Saved entries:
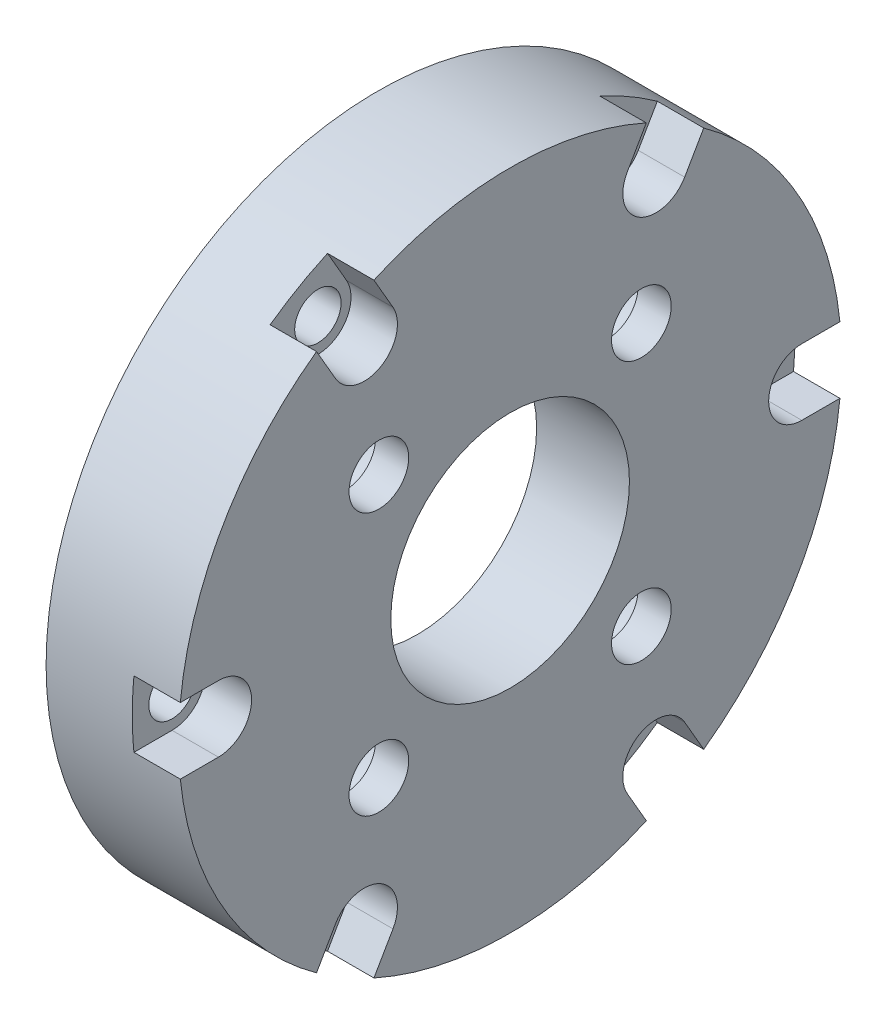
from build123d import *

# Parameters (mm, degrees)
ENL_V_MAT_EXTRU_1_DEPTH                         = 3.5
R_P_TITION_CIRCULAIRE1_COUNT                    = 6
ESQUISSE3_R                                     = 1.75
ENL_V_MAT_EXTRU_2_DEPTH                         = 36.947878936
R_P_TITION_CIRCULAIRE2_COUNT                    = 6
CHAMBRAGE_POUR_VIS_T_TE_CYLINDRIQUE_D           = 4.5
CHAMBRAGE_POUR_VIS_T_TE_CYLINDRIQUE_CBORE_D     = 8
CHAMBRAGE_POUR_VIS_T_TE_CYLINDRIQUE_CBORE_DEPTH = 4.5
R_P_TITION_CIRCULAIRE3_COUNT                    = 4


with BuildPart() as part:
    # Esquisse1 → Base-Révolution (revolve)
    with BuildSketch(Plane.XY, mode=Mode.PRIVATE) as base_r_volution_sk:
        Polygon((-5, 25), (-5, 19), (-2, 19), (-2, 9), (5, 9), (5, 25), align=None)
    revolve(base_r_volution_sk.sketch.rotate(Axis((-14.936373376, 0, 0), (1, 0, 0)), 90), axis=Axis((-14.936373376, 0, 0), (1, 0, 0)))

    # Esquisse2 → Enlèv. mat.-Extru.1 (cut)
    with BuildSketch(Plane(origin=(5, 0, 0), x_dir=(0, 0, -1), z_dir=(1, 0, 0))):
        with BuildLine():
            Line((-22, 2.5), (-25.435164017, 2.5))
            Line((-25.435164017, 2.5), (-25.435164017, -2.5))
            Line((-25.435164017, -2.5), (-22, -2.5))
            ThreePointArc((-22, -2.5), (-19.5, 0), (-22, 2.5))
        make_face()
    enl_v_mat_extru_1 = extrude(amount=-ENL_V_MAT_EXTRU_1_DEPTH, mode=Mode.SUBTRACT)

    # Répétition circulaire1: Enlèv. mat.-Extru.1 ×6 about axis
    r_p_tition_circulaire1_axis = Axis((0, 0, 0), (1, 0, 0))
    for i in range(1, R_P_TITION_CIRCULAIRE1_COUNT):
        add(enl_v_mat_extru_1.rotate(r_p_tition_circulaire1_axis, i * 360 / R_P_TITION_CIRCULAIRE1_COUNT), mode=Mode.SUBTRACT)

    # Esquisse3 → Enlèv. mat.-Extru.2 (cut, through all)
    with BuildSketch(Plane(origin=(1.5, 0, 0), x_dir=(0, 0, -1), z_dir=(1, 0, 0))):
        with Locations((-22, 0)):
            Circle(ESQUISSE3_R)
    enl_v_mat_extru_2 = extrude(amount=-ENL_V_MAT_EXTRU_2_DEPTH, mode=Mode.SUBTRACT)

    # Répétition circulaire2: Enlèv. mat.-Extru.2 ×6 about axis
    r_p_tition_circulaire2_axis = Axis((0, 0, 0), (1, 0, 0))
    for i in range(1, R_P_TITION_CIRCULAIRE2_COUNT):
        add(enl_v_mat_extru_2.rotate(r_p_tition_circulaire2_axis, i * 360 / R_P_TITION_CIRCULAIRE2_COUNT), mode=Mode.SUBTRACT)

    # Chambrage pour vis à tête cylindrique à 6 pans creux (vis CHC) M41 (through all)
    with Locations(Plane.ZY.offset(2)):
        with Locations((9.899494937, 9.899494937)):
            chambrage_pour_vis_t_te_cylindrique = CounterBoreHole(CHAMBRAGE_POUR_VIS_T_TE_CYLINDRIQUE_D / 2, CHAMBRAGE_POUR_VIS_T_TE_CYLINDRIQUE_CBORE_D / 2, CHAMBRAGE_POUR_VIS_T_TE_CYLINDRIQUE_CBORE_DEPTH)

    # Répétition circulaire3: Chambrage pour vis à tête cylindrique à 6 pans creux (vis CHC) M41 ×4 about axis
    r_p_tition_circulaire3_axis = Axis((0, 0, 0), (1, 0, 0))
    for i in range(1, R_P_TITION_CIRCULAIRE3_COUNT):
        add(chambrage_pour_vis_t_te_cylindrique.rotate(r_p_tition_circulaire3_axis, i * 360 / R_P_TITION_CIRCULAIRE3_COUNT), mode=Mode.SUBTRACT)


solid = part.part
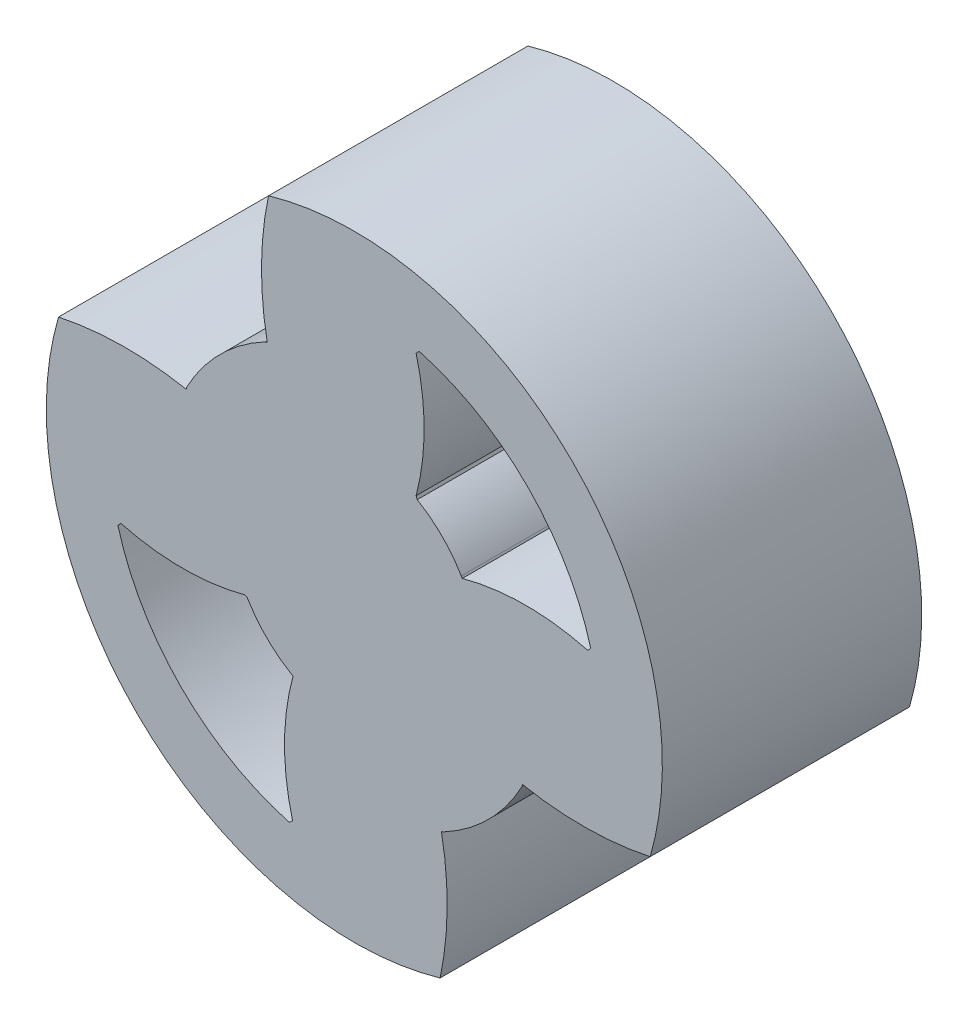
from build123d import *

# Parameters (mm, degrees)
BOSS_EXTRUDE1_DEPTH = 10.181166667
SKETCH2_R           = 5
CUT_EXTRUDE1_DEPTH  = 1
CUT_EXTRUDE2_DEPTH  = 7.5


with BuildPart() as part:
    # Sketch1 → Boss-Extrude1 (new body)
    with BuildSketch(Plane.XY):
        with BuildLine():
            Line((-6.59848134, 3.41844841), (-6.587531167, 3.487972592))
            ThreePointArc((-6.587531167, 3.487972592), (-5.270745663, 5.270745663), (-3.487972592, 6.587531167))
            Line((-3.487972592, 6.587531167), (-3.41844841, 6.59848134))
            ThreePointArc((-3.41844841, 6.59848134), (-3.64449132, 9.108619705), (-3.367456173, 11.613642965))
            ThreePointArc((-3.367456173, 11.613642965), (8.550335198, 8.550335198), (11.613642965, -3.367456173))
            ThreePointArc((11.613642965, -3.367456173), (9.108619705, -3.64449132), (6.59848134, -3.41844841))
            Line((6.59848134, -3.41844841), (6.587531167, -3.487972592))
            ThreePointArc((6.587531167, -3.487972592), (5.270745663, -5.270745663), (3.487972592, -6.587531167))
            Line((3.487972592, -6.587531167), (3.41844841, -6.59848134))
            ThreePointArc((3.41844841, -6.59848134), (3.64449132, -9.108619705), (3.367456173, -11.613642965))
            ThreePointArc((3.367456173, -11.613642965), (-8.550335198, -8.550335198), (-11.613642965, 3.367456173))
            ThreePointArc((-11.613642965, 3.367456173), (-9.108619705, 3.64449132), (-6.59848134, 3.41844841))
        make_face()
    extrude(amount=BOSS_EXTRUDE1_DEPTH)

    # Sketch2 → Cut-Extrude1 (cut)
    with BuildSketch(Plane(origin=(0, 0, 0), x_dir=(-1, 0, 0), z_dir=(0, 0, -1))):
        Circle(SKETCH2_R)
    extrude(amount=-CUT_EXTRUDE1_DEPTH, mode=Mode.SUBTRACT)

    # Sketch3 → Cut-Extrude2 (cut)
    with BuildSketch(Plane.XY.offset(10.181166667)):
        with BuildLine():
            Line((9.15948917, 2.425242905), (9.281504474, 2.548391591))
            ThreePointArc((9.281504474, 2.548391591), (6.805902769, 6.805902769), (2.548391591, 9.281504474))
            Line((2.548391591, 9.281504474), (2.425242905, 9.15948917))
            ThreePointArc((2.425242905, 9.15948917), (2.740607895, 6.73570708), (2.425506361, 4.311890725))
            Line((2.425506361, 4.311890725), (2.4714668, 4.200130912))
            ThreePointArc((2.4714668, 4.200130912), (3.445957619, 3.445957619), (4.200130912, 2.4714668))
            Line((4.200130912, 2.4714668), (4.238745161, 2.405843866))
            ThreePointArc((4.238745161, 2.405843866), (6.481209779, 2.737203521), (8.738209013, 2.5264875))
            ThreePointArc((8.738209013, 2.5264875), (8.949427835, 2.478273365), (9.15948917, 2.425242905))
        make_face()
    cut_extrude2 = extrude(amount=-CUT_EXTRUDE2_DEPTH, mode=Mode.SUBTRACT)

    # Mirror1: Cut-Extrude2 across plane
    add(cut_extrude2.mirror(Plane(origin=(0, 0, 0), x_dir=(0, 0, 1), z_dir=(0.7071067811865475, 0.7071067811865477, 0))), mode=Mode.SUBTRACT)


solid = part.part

ASSIGNMENT
Copy out all the records exactly as they read, and omit the pictures.

YOUR SOLUTION
from build123d import *

# Parameters (mm, degrees)
ENL_V_MAT_EXTRU_1_DEPTH                         = 3.5
R_P_TITION_CIRCULAIRE1_COUNT                    = 6
ESQUISSE3_R                                     = 1.75
ENL_V_MAT_EXTRU_2_DEPTH                         = 36.947878936
R_P_TITION_CIRCULAIRE2_COUNT                    = 6
CHAMBRAGE_POUR_VIS_T_TE_CYLINDRIQUE_D           = 4.5
CHAMBRAGE_POUR_VIS_T_TE_CYLINDRIQUE_CBORE_D     = 8
CHAMBRAGE_POUR_VIS_T_TE_CYLINDRIQUE_CBORE_DEPTH = 4.5
R_P_TITION_CIRCULAIRE3_COUNT                    = 4


with BuildPart() as part:
    # Esquisse1 → Base-Révolution (revolve)
    with BuildSketch(Plane.XY, mode=Mode.PRIVATE) as base_r_volution_sk:
        Polygon((-5, 25), (-5, 19), (-2, 19), (-2, 9), (5, 9), (5, 25), align=None)
    revolve(base_r_volution_sk.sketch.rotate(Axis((-14.936373376, 0, 0), (1, 0, 0)), 90), axis=Axis((-14.936373376, 0, 0), (1, 0, 0)))

    # Esquisse2 → Enlèv. mat.-Extru.1 (cut)
    with BuildSketch(Plane(origin=(5, 0, 0), x_dir=(0, 0, -1), z_dir=(1, 0, 0))):
        with BuildLine():
            Line((-22, 2.5), (-25.435164017, 2.5))
            Line((-25.435164017, 2.5), (-25.435164017, -2.5))
            Line((-25.435164017, -2.5), (-22, -2.5))
            ThreePointArc((-22, -2.5), (-19.5, 0), (-22, 2.5))
        make_face()
    enl_v_mat_extru_1 = extrude(amount=-ENL_V_MAT_EXTRU_1_DEPTH, mode=Mode.SUBTRACT)

    # Répétition circulaire1: Enlèv. mat.-Extru.1 ×6 about axis
    r_p_tition_circulaire1_axis = Axis((0, 0, 0), (1, 0, 0))
    for i in range(1, R_P_TITION_CIRCULAIRE1_COUNT):
        add(enl_v_mat_extru_1.rotate(r_p_tition_circulaire1_axis, i * 360 / R_P_TITION_CIRCULAIRE1_COUNT), mode=Mode.SUBTRACT)

    # Esquisse3 → Enlèv. mat.-Extru.2 (cut, through all)
    with BuildSketch(Plane(origin=(1.5, 0, 0), x_dir=(0, 0, -1), z_dir=(1, 0, 0))):
        with Locations((-22, 0)):
            Circle(ESQUISSE3_R)
    enl_v_mat_extru_2 = extrude(amount=-ENL_V_MAT_EXTRU_2_DEPTH, mode=Mode.SUBTRACT)

    # Répétition circulaire2: Enlèv. mat.-Extru.2 ×6 about axis
    r_p_tition_circulaire2_axis = Axis((0, 0, 0), (1, 0, 0))
    for i in range(1, R_P_TITION_CIRCULAIRE2_COUNT):
        add(enl_v_mat_extru_2.rotate(r_p_tition_circulaire2_axis, i * 360 / R_P_TITION_CIRCULAIRE2_COUNT), mode=Mode.SUBTRACT)

    # Chambrage pour vis à tête cylindrique à 6 pans creux (vis CHC) M41 (through all)
    with Locations(Plane.ZY.offset(2)):
        with Locations((9.899494937, 9.899494937)):
            chambrage_pour_vis_t_te_cylindrique = CounterBoreHole(CHAMBRAGE_POUR_VIS_T_TE_CYLINDRIQUE_D / 2, CHAMBRAGE_POUR_VIS_T_TE_CYLINDRIQUE_CBORE_D / 2, CHAMBRAGE_POUR_VIS_T_TE_CYLINDRIQUE_CBORE_DEPTH)

    # Répétition circulaire3: Chambrage pour vis à tête cylindrique à 6 pans creux (vis CHC) M41 ×4 about axis
    r_p_tition_circulaire3_axis = Axis((0, 0, 0), (1, 0, 0))
    for i in range(1, R_P_TITION_CIRCULAIRE3_COUNT):
        add(chambrage_pour_vis_t_te_cylindrique.rotate(r_p_tition_circulaire3_axis, i * 360 / R_P_TITION_CIRCULAIRE3_COUNT), mode=Mode.SUBTRACT)


solid = part.part
from build123d import *

# Parameters (mm, degrees)
BOSS_EXTRUDE1_DEPTH = 10.181166667
SKETCH2_R           = 5
CUT_EXTRUDE1_DEPTH  = 1
CUT_EXTRUDE2_DEPTH  = 7.5


with BuildPart() as part:
    # Sketch1 → Boss-Extrude1 (new body)
    with BuildSketch(Plane.XY):
        with BuildLine():
            Line((-6.59848134, 3.41844841), (-6.587531167, 3.487972592))
            ThreePointArc((-6.587531167, 3.487972592), (-5.270745663, 5.270745663), (-3.487972592, 6.587531167))
            Line((-3.487972592, 6.587531167), (-3.41844841, 6.59848134))
            ThreePointArc((-3.41844841, 6.59848134), (-3.64449132, 9.108619705), (-3.367456173, 11.613642965))
            ThreePointArc((-3.367456173, 11.613642965), (8.550335198, 8.550335198), (11.613642965, -3.367456173))
            ThreePointArc((11.613642965, -3.367456173), (9.108619705, -3.64449132), (6.59848134, -3.41844841))
            Line((6.59848134, -3.41844841), (6.587531167, -3.487972592))
            ThreePointArc((6.587531167, -3.487972592), (5.270745663, -5.270745663), (3.487972592, -6.587531167))
            Line((3.487972592, -6.587531167), (3.41844841, -6.59848134))
            ThreePointArc((3.41844841, -6.59848134), (3.64449132, -9.108619705), (3.367456173, -11.613642965))
            ThreePointArc((3.367456173, -11.613642965), (-8.550335198, -8.550335198), (-11.613642965, 3.367456173))
            ThreePointArc((-11.613642965, 3.367456173), (-9.108619705, 3.64449132), (-6.59848134, 3.41844841))
        make_face()
    extrude(amount=BOSS_EXTRUDE1_DEPTH)

    # Sketch2 → Cut-Extrude1 (cut)
    with BuildSketch(Plane(origin=(0, 0, 0), x_dir=(-1, 0, 0), z_dir=(0, 0, -1))):
        Circle(SKETCH2_R)
    extrude(amount=-CUT_EXTRUDE1_DEPTH, mode=Mode.SUBTRACT)

    # Sketch3 → Cut-Extrude2 (cut)
    with BuildSketch(Plane.XY.offset(10.181166667)):
        with BuildLine():
            Line((9.15948917, 2.425242905), (9.281504474, 2.548391591))
            ThreePointArc((9.281504474, 2.548391591), (6.805902769, 6.805902769), (2.548391591, 9.281504474))
            Line((2.548391591, 9.281504474), (2.425242905, 9.15948917))
            ThreePointArc((2.425242905, 9.15948917), (2.740607895, 6.73570708), (2.425506361, 4.311890725))
            Line((2.425506361, 4.311890725), (2.4714668, 4.200130912))
            ThreePointArc((2.4714668, 4.200130912), (3.445957619, 3.445957619), (4.200130912, 2.4714668))
            Line((4.200130912, 2.4714668), (4.238745161, 2.405843866))
            ThreePointArc((4.238745161, 2.405843866), (6.481209779, 2.737203521), (8.738209013, 2.5264875))
            ThreePointArc((8.738209013, 2.5264875), (8.949427835, 2.478273365), (9.15948917, 2.425242905))
        make_face()
    cut_extrude2 = extrude(amount=-CUT_EXTRUDE2_DEPTH, mode=Mode.SUBTRACT)

    # Mirror1: Cut-Extrude2 across plane
    add(cut_extrude2.mirror(Plane(origin=(0, 0, 0), x_dir=(0, 0, 1), z_dir=(0.7071067811865475, 0.7071067811865477, 0))), mode=Mode.SUBTRACT)


solid = part.part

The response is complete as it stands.